ESP-Muxer Component
Note
This document is automatically translated using AI. Please excuse any detailed errors. The official English version is still in progress.
Overview
ESP-Muxer is an embedded audio and video multiplexing component launched by Espressif, used to multiplex (mux, multiplex) encoded audio and video frames (such as AAC, MP3, H.264, MJPEG) into a standard media container format data stream or file. It is not responsible for the encoding or decoding of audio and video, but only for the temporal organization and encapsulation of the input encoded frames.
In design, ESP-Muxer supports two types of output modes: it can be used for local file recording with optional slicing and naming rules, and it can also perform streaming output through a callback mechanism, making the same set of multiplexing logic meet local storage needs and flexibly apply to network transmission scenarios.
In the media processing pipeline, ESP-Muxer is located after the encoder and before storage or network transmission, used to convert the encoded stream into a playable file or streamable data format.
Main Features and Capabilities
Core Features
Audio and Video Multiplexing: Merge one or more audio and video tracks (provided the container format supports it) into a single output.
Multiple Container Formats: Supports container formats such as MP4, TS, FLV, WAV, CAF, and OGG, which can be selected according to recording, streaming, or compatibility requirements.
Direct File Writing: The multiplexed data can be directly written to the file system (such as an SD card), supporting optional file slicing (for example, slicing by duration) and custom file naming (for example, naming by slice number or time).
Streaming Callback Output: The output data can be sent to a data callback function instead of (or not just) writing to a file. This method is suitable for real-time streaming media scenarios: the multiplexer generates container data, and the user code pushes it to the network or other receivers.
Custom Write Path: Supports access to custom file writers (open / write / seek / close). This allows data to be written to non-standard storage media (such as custom Flash partitions, RAM buffers, or different file systems), while still using the same multiplexing logic.

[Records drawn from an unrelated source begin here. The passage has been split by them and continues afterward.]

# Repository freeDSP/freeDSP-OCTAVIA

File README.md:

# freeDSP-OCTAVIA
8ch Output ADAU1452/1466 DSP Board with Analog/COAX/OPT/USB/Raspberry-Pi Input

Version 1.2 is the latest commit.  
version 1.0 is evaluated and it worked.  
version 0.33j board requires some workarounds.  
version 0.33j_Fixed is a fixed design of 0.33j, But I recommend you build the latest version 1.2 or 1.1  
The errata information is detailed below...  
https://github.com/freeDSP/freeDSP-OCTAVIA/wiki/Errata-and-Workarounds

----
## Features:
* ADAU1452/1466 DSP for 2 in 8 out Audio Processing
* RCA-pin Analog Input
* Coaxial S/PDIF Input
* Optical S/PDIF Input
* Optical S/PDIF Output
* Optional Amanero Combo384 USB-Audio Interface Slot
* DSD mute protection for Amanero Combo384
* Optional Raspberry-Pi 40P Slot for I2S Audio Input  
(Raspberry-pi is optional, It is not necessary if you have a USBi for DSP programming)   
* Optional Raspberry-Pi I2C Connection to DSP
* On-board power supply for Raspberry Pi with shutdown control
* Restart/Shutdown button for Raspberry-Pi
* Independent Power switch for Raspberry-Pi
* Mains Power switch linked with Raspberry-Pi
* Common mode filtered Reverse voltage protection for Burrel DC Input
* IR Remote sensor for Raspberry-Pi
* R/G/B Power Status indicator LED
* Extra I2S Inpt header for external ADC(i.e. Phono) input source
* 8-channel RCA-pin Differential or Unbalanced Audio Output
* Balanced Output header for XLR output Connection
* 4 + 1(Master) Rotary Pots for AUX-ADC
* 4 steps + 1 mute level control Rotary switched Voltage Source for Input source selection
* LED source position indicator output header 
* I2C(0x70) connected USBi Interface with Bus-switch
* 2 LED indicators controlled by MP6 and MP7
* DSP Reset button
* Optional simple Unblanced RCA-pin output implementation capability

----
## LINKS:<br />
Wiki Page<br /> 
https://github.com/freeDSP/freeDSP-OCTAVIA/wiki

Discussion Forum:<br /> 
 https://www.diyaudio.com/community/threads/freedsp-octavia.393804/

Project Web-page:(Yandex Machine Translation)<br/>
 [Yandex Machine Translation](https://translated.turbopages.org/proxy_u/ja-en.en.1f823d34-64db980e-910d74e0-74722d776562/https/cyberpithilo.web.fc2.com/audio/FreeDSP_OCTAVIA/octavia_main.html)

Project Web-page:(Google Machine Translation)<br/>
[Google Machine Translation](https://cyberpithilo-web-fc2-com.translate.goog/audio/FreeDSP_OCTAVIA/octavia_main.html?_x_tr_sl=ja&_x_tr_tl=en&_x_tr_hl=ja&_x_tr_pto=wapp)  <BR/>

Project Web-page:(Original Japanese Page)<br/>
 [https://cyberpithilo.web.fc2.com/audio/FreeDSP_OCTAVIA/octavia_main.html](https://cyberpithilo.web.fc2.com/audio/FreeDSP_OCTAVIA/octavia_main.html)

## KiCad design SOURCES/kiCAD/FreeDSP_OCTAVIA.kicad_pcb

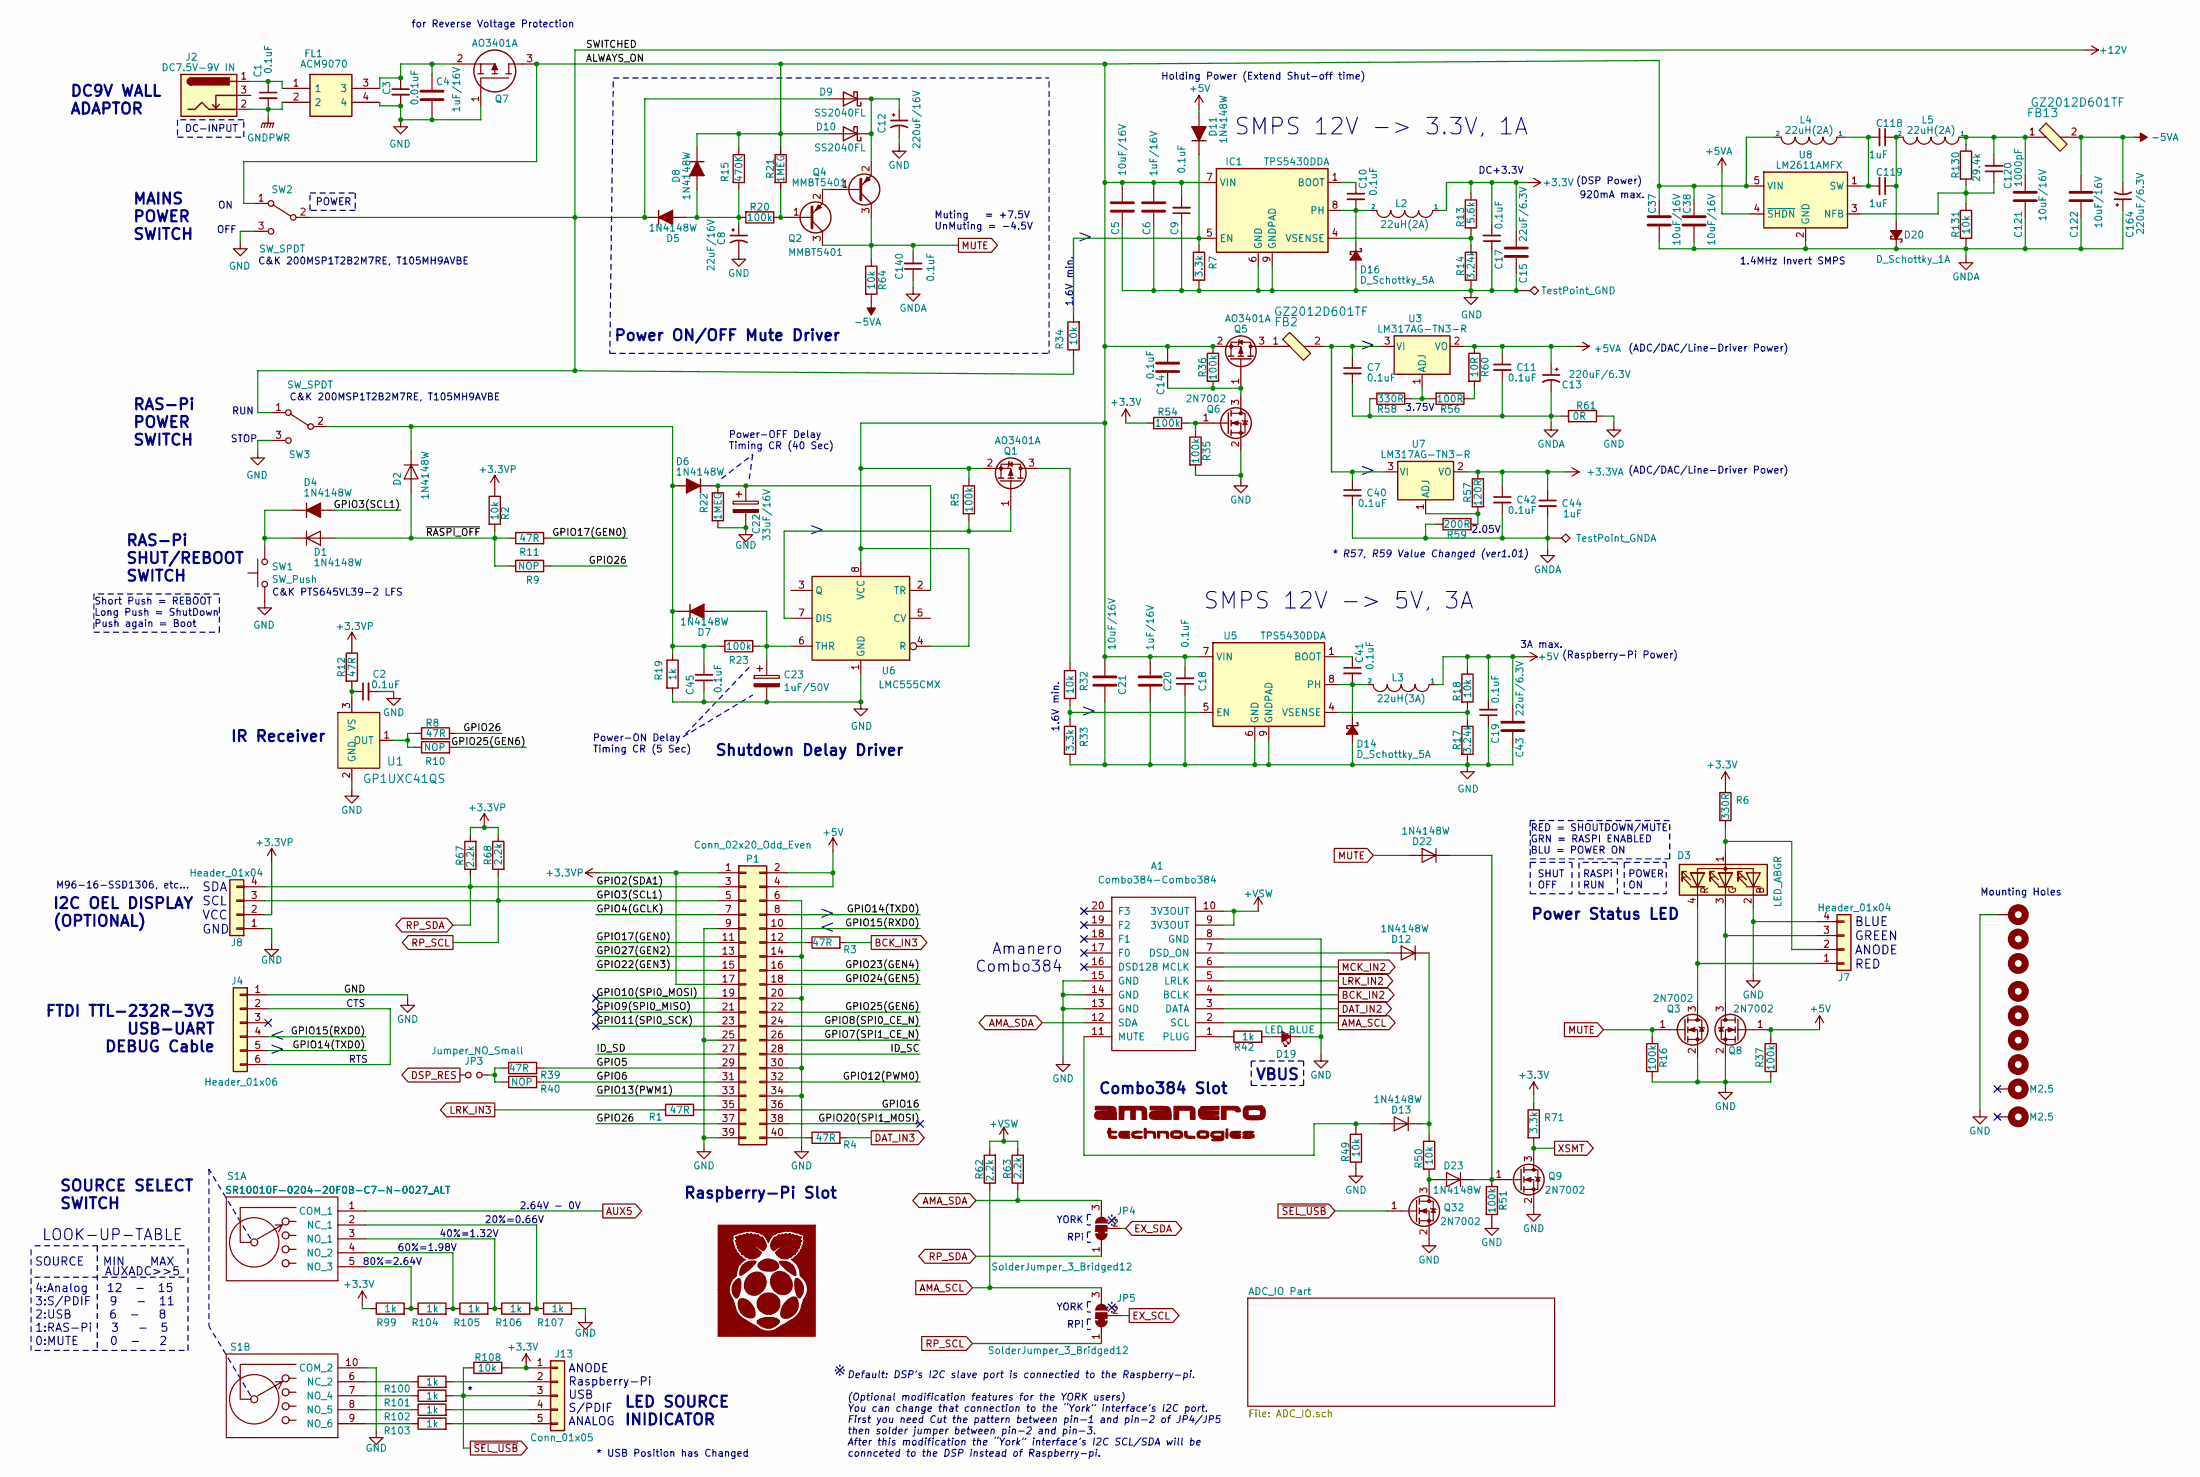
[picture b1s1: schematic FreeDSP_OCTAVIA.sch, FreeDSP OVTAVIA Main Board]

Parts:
A1: Combo384-Combo384; Combo384
C1, C2, C7, C9, C10, C11, C14, C17, C18, C19, C40, C41, C42, C45, C140: 0.1uF; C_0805_2012Metric_Pad1.18x1.45mm_HandSolder
C3: 0.01uF; C_0805_2012Metric_Pad1.18x1.45mm_HandSolder
C4, C6, C20: 1uF/16V; C_0805_2012Metric_Pad1.18x1.45mm_HandSolder
C5, C21, C37, C38, C121, C122: 10uF/16V; C_0805_2012Metric_Pad1.18x1.45mm_HandSolder
C8: 22uF/16V; CP_Radial_D5.0mm_P2.00mm
C12: 220uF/16V; CP_Radial_D7.5mm_P2.50mm
C13, C164: 220uF/6.3V; CP_Radial_D10.0mm_P2.50mm_P5.00mm
C15, C43: 22uF/6.3V; C_0805_2012Metric_Pad1.18x1.45mm_HandSolder
C22: 33uF/16V; CP_Radial_D5.0mm_P2.00mm
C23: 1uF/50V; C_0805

Containers Suitable for Streaming: Some containers (such as TS, FLV) structurally support incremental output, making them more suitable for streaming. MP4 and WAV rely on headers and metadata related to total length, usually not recommended for streaming output, but very suitable for file recording scenarios.
Supported Containers and Encoding Formats
See ESP-Muxer README for details on container and encoding format support.
Typical Application Scenarios
Personal / Embedded Video Recorders (PVR): Camera + Microphone → Encoding → Multiplexing → Output as MP4/TS file to SD card, support for slicing by time or size.
HLS Segment Generation: Generate TS (or other format) segments for HLS servers or pipelines for live or on-demand broadcasting.
HTTP FLV and other Real-time Stream Sources: Multiplex into FLV (or TS) and push to HTTP FLV service or other real-time stream access endpoints.
Voice/Audio Recording: Multiplex encoded audio (AAC, MP3, etc.) into WAV, CAF, or OGG files for easy playback and portability.
Custom Storage or Hybrid Architecture: Use a custom file writer to write multiplexed data to non-standard media while maintaining a unified multiplexing processing logic.
Boosting storage write speed
When writing multiplexed data to storage media (especially SD cards), the write speed often limits the supported bit rate or the number of streams that can be recorded simultaneously. ESP-Muxer provides optimization methods in the following aspects:
RAM cache for aligned writing: Many file systems and storage drivers perform better when performing aligned and large block writing, while the encoded audio and video data are often small and unaligned packets. ESP-Muxer can use an internal RAM cache to aggregate data first, and then write in larger and aligned blocks. The cache size is configurable (0–64 KB). A larger cache usually means higher throughput, but it will occupy more RAM.
File slicing: Splitting files by duration (or size) can prevent individual files from becoming too large, reduce the impact of continuous writing for a long time, and help with retrieval and management (such as rotating to delete old slices).
Custom writer: If the storage medium has special requirements (such as wear leveling, custom block size, or additional buffering mechanism), a custom file writer (open / write / seek / close) can be provided. The container data generated by the multiplexer remains unchanged, only the underlying writing method is different. This mechanism does not replace the RAM cache, but replaces the default file I/O; you can still enable RAM cache before the custom writer to improve throughput performance.